• gene association studies;
  • two-stage designs;
  • single nucleotide polymorphisms;
  • tag SNPs


We consider two-stage case-control designs for testing associations between single nucleotide polymorphisms (SNPs) and disease, in which a subsample of subjects is used to select a panel of “tagging” SNPs that will be considered in the main study. We propose a pseudolikelihood [Pepe and Flemming, 1991: JASA 86:108–113] that combines the information from both the main study and the substudy to test the association with any polymorphism in the original set. SNP-tagging [Chapman et al., 2003: Hum Hered 56:18–31] and haplotype-tagging [Stram et al., 2003a; Hum Hered 55:27–36] approaches are compared. We show that the cost-efficiency of such a design for estimating the relative risk associated with the causal polymorphism can be considerably better than for a single-stage design, even if the causal polymorphism is not included in the tag-SNP set.
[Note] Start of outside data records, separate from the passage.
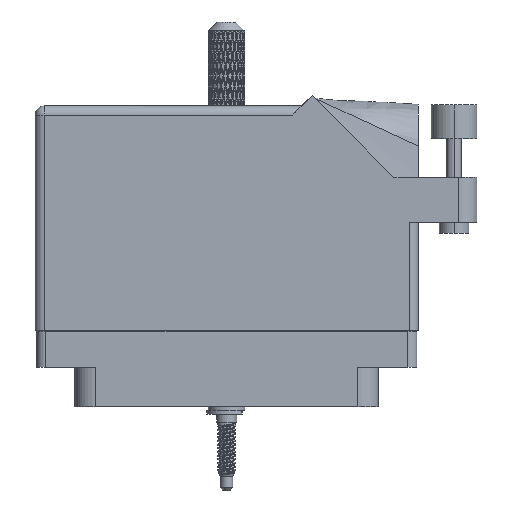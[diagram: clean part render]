
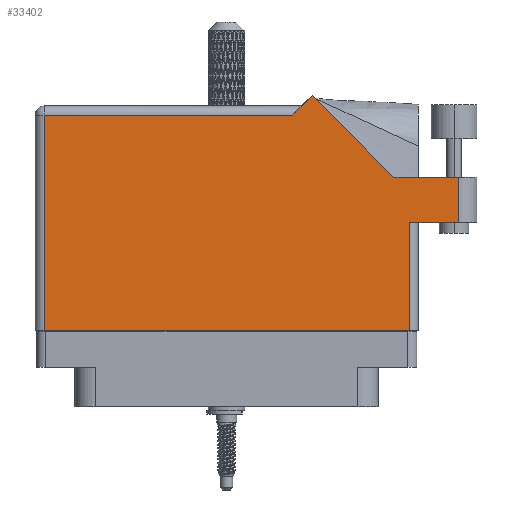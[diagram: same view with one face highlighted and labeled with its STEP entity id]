
A CAD part, front view. The second image highlights one B-rep face of the part: STEP entity #33402.
In plain terms, the highlighted face is planar.
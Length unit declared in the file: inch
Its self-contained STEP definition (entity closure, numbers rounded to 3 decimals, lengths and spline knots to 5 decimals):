
#2379 = CARTESIAN_POINT ( 'NONE',  ( -1.244, -0.1, 0.455 ) ) ;
#3420 = VECTOR ( 'NONE', #90757, 39.37008 ) ;
#8338 = ORIENTED_EDGE ( 'NONE', *, *, #43273, .T. ) ;
#10901 = VECTOR ( 'NONE', #100778, 39.37008 ) ;
#13831 = VERTEX_POINT ( 'NONE', #84023 ) ;
#14970 = DIRECTION ( 'NONE',  ( -0.707, -0.707, 0. ) ) ;
#15568 = CARTESIAN_POINT ( 'NONE',  ( 0.513, 1.43, 0.455 ) ) ;
#17217 = ORIENTED_EDGE ( 'NONE', *, *, #96250, .T. ) ;
#21411 = CARTESIAN_POINT ( 'NONE',  ( 1.244, 0.637, 0.455 ) ) ;
#22361 = DIRECTION ( 'NONE',  ( 0., 1., 0. ) ) ;
#24215 = ORIENTED_EDGE ( 'NONE', *, *, #80917, .T. ) ;
#27536 = VECTOR ( 'NONE', #22361, 39.37008 ) ;
#29192 = CARTESIAN_POINT ( 'NONE',  ( 0.58371, 1.50071, 0.455 ) ) ;
#30362 = LINE ( 'NONE', #57735, #91556 ) ;
#32952 = VECTOR ( 'NONE', #85546, 39.37008 ) ;
#33402 = ADVANCED_FACE ( 'NONE', ( #50486 ), #105771, .F. ) ;
#36229 = ORIENTED_EDGE ( 'NONE', *, *, #93154, .T. ) ;
#36584 = LINE ( 'NONE', #46691, #3420 ) ;
#39117 = LINE ( 'NONE', #112301, #32952 ) ;
#40141 = VERTEX_POINT ( 'NONE', #2379 ) ;
#40963 = CARTESIAN_POINT ( 'NONE',  ( -1.306, 1.43, 0.455 ) ) ;
#43273 = EDGE_CURVE ( 'NONE', #94593, #40141, #108542, .T. ) ;
#45044 = CARTESIAN_POINT ( 'NONE',  ( 1.581, 0.637, 0.455 ) ) ;
#45706 = CARTESIAN_POINT ( 'NONE',  ( -1.306, -0.1, 0.455 ) ) ;
#46284 = DIRECTION ( 'NONE',  ( 1., 0., 0. ) ) ;
#46691 = CARTESIAN_POINT ( 'NONE',  ( -1.306, 1.368, 0.455 ) ) ;
#50303 = AXIS2_PLACEMENT_3D ( 'NONE', #40963, #115314, #58821 ) ;
#50486 = FACE_OUTER_BOUND ( 'NONE', #55478, .T. ) ;
#50907 = LINE ( 'NONE', #96711, #27536 ) ;
#53291 = EDGE_CURVE ( 'NONE', #40141, #13831, #92673, .T. ) ;
#53735 = VERTEX_POINT ( 'NONE', #106141 ) ;
#53805 = CARTESIAN_POINT ( 'NONE',  ( -1.244, -0.1, 0.455 ) ) ;
#55183 = VERTEX_POINT ( 'NONE', #45044 ) ;
#55478 = EDGE_LOOP ( 'NONE', ( #24215, #36229, #94627, #104526, #17217, #113786, #8338, #98982, #86056 ) ) ;
#56469 = VECTOR ( 'NONE', #113592, 39.37008 ) ;
#57735 = CARTESIAN_POINT ( 'NONE',  ( 1.581, 0.944, 0.455 ) ) ;
#58260 = CARTESIAN_POINT ( 'NONE',  ( 1.306, 0.637, 0.455 ) ) ;
#58328 = EDGE_CURVE ( 'NONE', #13831, #73261, #50907, .T. ) ;
#58821 = DIRECTION ( 'NONE',  ( -1., 0., 0. ) ) ;
#69210 = CARTESIAN_POINT ( 'NONE',  ( 0.451, 1.368, 0.455 ) ) ;
#71673 = EDGE_CURVE ( 'NONE', #92010, #94593, #36584, .T. ) ;
#71814 = CARTESIAN_POINT ( 'NONE',  ( -1.244, 1.368, 0.455 ) ) ;
#73261 = VERTEX_POINT ( 'NONE', #21411 ) ;
#73510 = VERTEX_POINT ( 'NONE', #29192 ) ;
#74051 = VECTOR ( 'NONE', #105947, 39.37008 ) ;
#74730 = VECTOR ( 'NONE', #14970, 39.37008 ) ;
#75325 = EDGE_CURVE ( 'NONE', #53735, #103219, #89288, .T. ) ;
#80917 = EDGE_CURVE ( 'NONE', #73261, #55183, #111803, .T. ) ;
#84023 = CARTESIAN_POINT ( 'NONE',  ( 1.244, -0.1, 0.455 ) ) ;
#85546 = DIRECTION ( 'NONE',  ( -0.707, 0.707, 0. ) ) ;
#86056 = ORIENTED_EDGE ( 'NONE', *, *, #58328, .T. ) ;
#89288 = LINE ( 'NONE', #114906, #74051 ) ;
#90757 = DIRECTION ( 'NONE',  ( -1., 0., 0. ) ) ;
#91556 = VECTOR ( 'NONE', #94039, 39.37008 ) ;
#92010 = VERTEX_POINT ( 'NONE', #69210 ) ;
#92200 = CARTESIAN_POINT ( 'NONE',  ( 1.14042, 0.944, 0.455 ) ) ;
#92673 = LINE ( 'NONE', #45706, #101153 ) ;
#93154 = EDGE_CURVE ( 'NONE', #55183, #53735, #30362, .T. ) ;
#94039 = DIRECTION ( 'NONE',  ( 0., 1., 0. ) ) ;
#94593 = VERTEX_POINT ( 'NONE', #71814 ) ;
#94627 = ORIENTED_EDGE ( 'NONE', *, *, #75325, .T. ) ;
#95925 = EDGE_CURVE ( 'NONE', #103219, #73510, #39117, .T. ) ;
#96250 = EDGE_CURVE ( 'NONE', #73510, #92010, #96511, .T. ) ;
#96511 = LINE ( 'NONE', #15568, #74730 ) ;
#96711 = CARTESIAN_POINT ( 'NONE',  ( 1.244, 0.637, 0.455 ) ) ;
#98982 = ORIENTED_EDGE ( 'NONE', *, *, #53291, .T. ) ;
#100778 = DIRECTION ( 'NONE',  ( 0., -1., 0. ) ) ;
#101153 = VECTOR ( 'NONE', #46284, 39.37008 ) ;
#103219 = VERTEX_POINT ( 'NONE', #92200 ) ;
#104526 = ORIENTED_EDGE ( 'NONE', *, *, #95925, .T. ) ;
#105771 = PLANE ( 'NONE',  #50303 ) ;
#105947 = DIRECTION ( 'NONE',  ( -1., 0., 0. ) ) ;
#106141 = CARTESIAN_POINT ( 'NONE',  ( 1.581, 0.944, 0.455 ) ) ;
#108542 = LINE ( 'NONE', #53805, #10901 ) ;
#111803 = LINE ( 'NONE', #58260, #56469 ) ;
#112301 = CARTESIAN_POINT ( 'NONE',  ( 1.14042, 0.944, 0.455 ) ) ;
#113592 = DIRECTION ( 'NONE',  ( 1., 0., 0. ) ) ;
#113786 = ORIENTED_EDGE ( 'NONE', *, *, #71673, .T. ) ;
#114906 = CARTESIAN_POINT ( 'NONE',  ( 1.706, 0.944, 0.455 ) ) ;
#115314 = DIRECTION ( 'NONE',  ( 0., 0., -1. ) ) ;

We also consider the optimal selection of cases and controls in such designs and the relative efficiency for estimating the location of a causal variant in linkage disequilibrium mapping. Nevertheless, as the cost of high-volume genotyping plummets and haplotype tagging information from the International HapMap project [Gibbs et al., 2003; Nature 426:789–796] rapidly accumulates in public databases, such two-stage designs may soon become unnecessary. Genet. Epidemiol. © 2004 Wiley-Liss, Inc.